Le Fonds Commun des S.I.P. est créé dans le but d'accroître
les moyens d'action des sociétés et de leur procurer les
crédits nécessaires à l'exécution de leur
mission.
Loi du 15 août 1936.
La S.I.P. est intégrée à l'Office national interprofessionnel
du blé, comme " organisme stockeur " et assimilée
aux coopératives agricoles. Elle devient un organisme d'achat,
de stockage et de vente du blé.
Décret du 7 mai 1938.
Le Fonds Commun, établissement public doté de la personnalité
civile et de l'autonomie financière a pour objet de faciliter les
opérations de prêts ou de secours effectuées par les
S.I.P., de consentir des avances remboursables à ces sociétés
et de leur attribuer des subventions exceptionnelles.
Décret du 15 novembre 1938.
Sortant de son isolement, la S.I.P. restreinte du début est dotée
d'une charte qui élargit considérablement son champ d'action.
Septembre 1939. - La guerre.
L'activité des S.I.P. se concentre vers les besoins du ravitaillement
des populations indigènes.
Décret du 24 février 1940.
La S.I.P. se trouve être chargée d'assurer le ravitaillement
des populations indigènes en matières de première
nécessité pendant la durée des hostilités.
La formule est très générale et permet l'achat de
semoule, de riz, de légumes secs, etc..., qu'elle revend sans bénéfice
à l'ensemble des consommateurs.
Loi du 17 novembre 1940.
La S.I.P. est chargée de l'achat et de la vente de toutes les céréales.

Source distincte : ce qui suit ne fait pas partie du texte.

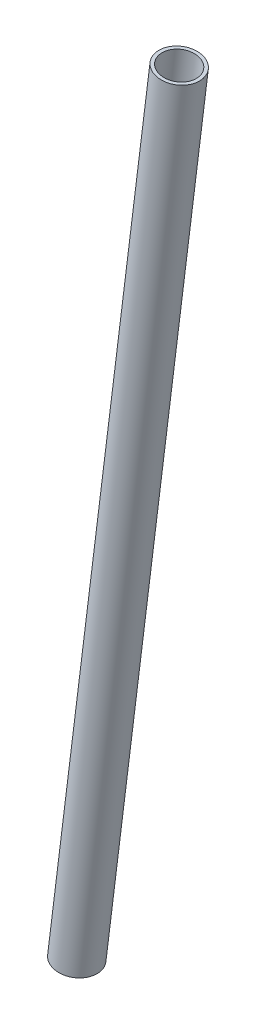
ISO-10303-21;
HEADER;
FILE_DESCRIPTION(('STEP AP214'),'2;1');
FILE_NAME('part.step','',(''),(''),'','','');
FILE_SCHEMA(('AUTOMOTIVE_DESIGN { 1 0 10303 214 1 1 1 1 }'));
ENDSEC;
DATA;
#1=APPLICATION_CONTEXT('core data for automotive mechanical design processes');
#2=APPLICATION_PROTOCOL_DEFINITION('international standard','automotive_design',2000,#1);
#3=PRODUCT_CONTEXT('',#1,'mechanical');
#4=PRODUCT('Part','Part','',(#3));
#5=PRODUCT_RELATED_PRODUCT_CATEGORY('part','',(#4));
#6=PRODUCT_DEFINITION_FORMATION('','',#4);
#7=PRODUCT_DEFINITION_CONTEXT('part definition',#1,'design');
#8=PRODUCT_DEFINITION('design','',#6,#7);
#9=PRODUCT_DEFINITION_SHAPE('','',#8);
#10=(LENGTH_UNIT() NAMED_UNIT(*) SI_UNIT(.MILLI.,.METRE.));
#11=(NAMED_UNIT(*) PLANE_ANGLE_UNIT() SI_UNIT($,.RADIAN.));
#12=(NAMED_UNIT(*) SI_UNIT($,.STERADIAN.) SOLID_ANGLE_UNIT());
#13=UNCERTAINTY_MEASURE_WITH_UNIT(LENGTH_MEASURE(1.E-05),#10,'distance_accuracy_value','');
#14=(GEOMETRIC_REPRESENTATION_CONTEXT(3) GLOBAL_UNCERTAINTY_ASSIGNED_CONTEXT((#13)) GLOBAL_UNIT_ASSIGNED_CONTEXT((#10,
#11,#12)) REPRESENTATION_CONTEXT('',''));
#15=CARTESIAN_POINT('',(0.,0.,0.));
#16=DIRECTION('',(0.,0.,1.));
#17=DIRECTION('',(1.,0.,0.));
#18=AXIS2_PLACEMENT_3D('',#15,#16,#17);
#19=CARTESIAN_POINT('',(573.972771974131,224.054469540869,43.8548815301759));
#20=DIRECTION('',(0.139837572452379,0.989988079570085,0.0192108209028285));
#21=DIRECTION('',(-0.990170810492079,0.13986338351927,0.));
#22=AXIS2_PLACEMENT_3D('',#19,#20,#21);
#23=PLANE('',#22);
#24=CARTESIAN_POINT('',(573.972771974131,224.054469540869,43.8548815301759));
#25=DIRECTION('',(0.139837572452379,0.989988079570085,0.0192108209028285));
#26=DIRECTION('',(-0.990170810492079,0.13986338351927,0.));
#27=AXIS2_PLACEMENT_3D('',#24,#25,#26);
#28=CIRCLE('',#27,5.34999999999997);
#29=CARTESIAN_POINT('',(568.675358137998,224.802738642697,43.8548815301759));
#30=VERTEX_POINT('',#29);
#31=EDGE_CURVE('E57',#30,#30,#28,.T.);
#32=ORIENTED_EDGE('',*,*,#31,.T.);
#33=EDGE_LOOP('',(#32));
#34=FACE_BOUND('',#33,.T.);
#35=CARTESIAN_POINT('',(573.972771974131,224.054469540869,43.8548815301759));
#36=DIRECTION('',(0.139837572452379,0.989988079570085,0.0192108209028285));
#37=DIRECTION('',(-0.990170810492079,0.13986338351927,0.));
#38=AXIS2_PLACEMENT_3D('',#35,#36,#37);
#39=CIRCLE('',#38,6.34999999999997);
#40=CARTESIAN_POINT('',(567.685187327506,224.942602026216,43.8548815301759));
#41=VERTEX_POINT('',#40);
#42=EDGE_CURVE('E49',#41,#41,#39,.T.);
#43=ORIENTED_EDGE('',*,*,#42,.F.);
#44=EDGE_LOOP('',(#43));
#45=FACE_BOUND('',#44,.T.);
#46=ADVANCED_FACE('F43',(#34,#45),#23,.F.);
#47=CARTESIAN_POINT('',(610.297228025869,481.215530459131,48.8451184698241));
#48=DIRECTION('',(0.139837572452379,0.989988079570085,0.0192108209028285));
#49=DIRECTION('',(-0.990170810492079,0.13986338351927,0.));
#50=AXIS2_PLACEMENT_3D('',#47,#48,#49);
#51=PLANE('',#50);
#52=CARTESIAN_POINT('',(610.297228025869,481.215530459131,48.8451184698241));
#53=DIRECTION('',(0.139837572452379,0.989988079570085,0.0192108209028285));
#54=DIRECTION('',(-0.990170810492079,0.13986338351927,0.));
#55=AXIS2_PLACEMENT_3D('',#52,#53,#54);
#56=CIRCLE('',#55,5.34999999999997);
#57=CARTESIAN_POINT('',(604.999814189737,481.963799560959,48.8451184698241));
#58=VERTEX_POINT('',#57);
#59=EDGE_CURVE('E53',#58,#58,#56,.T.);
#60=ORIENTED_EDGE('',*,*,#59,.F.);
#61=EDGE_LOOP('',(#60));
#62=FACE_BOUND('',#61,.T.);
#63=CARTESIAN_POINT('',(610.297228025869,481.215530459131,48.8451184698241));
#64=DIRECTION('',(0.139837572452379,0.989988079570085,0.0192108209028285));
#65=DIRECTION('',(-0.990170810492079,0.13986338351927,0.));
#66=AXIS2_PLACEMENT_3D('',#63,#64,#65);
#67=CIRCLE('',#66,6.34999999999997);
#68=CARTESIAN_POINT('',(604.009643379244,482.103662944479,48.8451184698241));
#69=VERTEX_POINT('',#68);
#70=EDGE_CURVE('E11',#69,#69,#67,.T.);
#71=ORIENTED_EDGE('',*,*,#70,.T.);
#72=EDGE_LOOP('',(#71));
#73=FACE_BOUND('',#72,.T.);
#74=ADVANCED_FACE('F73',(#62,#73),#51,.T.);
#75=CARTESIAN_POINT('',(573.972771974131,224.054469540869,43.8548815301759));
#76=DIRECTION('',(0.139837572452379,0.989988079570085,0.0192108209028284));
#77=DIRECTION('',(-0.990170810492079,0.139863383519271,0.));
#78=AXIS2_PLACEMENT_3D('',#75,#76,#77);
#79=CYLINDRICAL_SURFACE('',#78,6.34999999999997);
#80=ORIENTED_EDGE('',*,*,#70,.F.);
#81=EDGE_LOOP('',(#80));
#82=FACE_BOUND('',#81,.T.);
#83=ORIENTED_EDGE('',*,*,#42,.T.);
#84=EDGE_LOOP('',(#83));
#85=FACE_BOUND('',#84,.T.);
#86=ADVANCED_FACE('F67',(#82,#85),#79,.T.);
#87=CARTESIAN_POINT('',(573.972771974131,224.054469540869,43.8548815301759));
#88=DIRECTION('',(0.139837572452379,0.989988079570085,0.0192108209028284));
#89=DIRECTION('',(-0.990170810492079,0.139863383519271,0.));
#90=AXIS2_PLACEMENT_3D('',#87,#88,#89);
#91=CYLINDRICAL_SURFACE('',#90,5.34999999999997);
#92=ORIENTED_EDGE('',*,*,#59,.T.);
#93=EDGE_LOOP('',(#92));
#94=FACE_BOUND('',#93,.T.);
#95=ORIENTED_EDGE('',*,*,#31,.F.);
#96=EDGE_LOOP('',(#95));
#97=FACE_BOUND('',#96,.T.);
#98=ADVANCED_FACE('F65',(#94,#97),#91,.F.);
#99=CLOSED_SHELL('',(#46,#74,#86,#98));
#100=MANIFOLD_SOLID_BREP('B2',#99);
#101=ADVANCED_BREP_SHAPE_REPRESENTATION('',(#18,#100),#14);
#102=SHAPE_DEFINITION_REPRESENTATION(#9,#101);
ENDSEC;
END-ISO-10303-21;

Tous ses adhérents sont tenus de lui vendre leurs récoltes
et sont payés immédiatement, sur place, et à un prix
préalablement fixé.
Arrêté du 3 août 1943.
Constitution d'une commission spéciale " chargée d'étudier
les moyens d'améliorer le fonctionnement du Fonds Commun et d'accroître
l'efficacité de son action ".
Décret du 6 août 1943. - I
La composition du Conseil d'administration du Fonds Commun des S.I.P.
est fixé de la manière
suivante :
Président : Secrétaire Général du Gouvernement
Général de l'Algérie ;
Vice-Président : Directeur des Affaires Musulmanes et des Territoires
du Sud au Gouvernement
Général.
Membres : Le Recteur de l'Académie d'Alger,
L'Inspecteur Général des Finances, chef de la Mission d'Algérie,
Le Directeur des Finances au Gouvernement Général,
Le Directeur de l'Economie algérienne au Gouvernement Général,
Le Sous-Directeur des Affaires musulmanes,
Le Sous-Directeur des Territoires du Sud,
9 Délégués financiers indigènes désignés
par leurs collègues, Les 3 Secrétaires généraux
pour les Affaires musulmanes, Les Préfets de l'Algérie,
4 Présidents de S.I.P.,
Un représentant de la Banque de l'Algérie.
Décret du 6 août 1943. - II
Appel à la présidence des S.I.P. de notables musulmans choisis
par le Gouvernement Général.
Décision gubernatoriale du 26 mars 1946.
Autorise l'intégration des S.I.P. à la C.G.A. et leur fédération
à l'intérieur de cette organisation.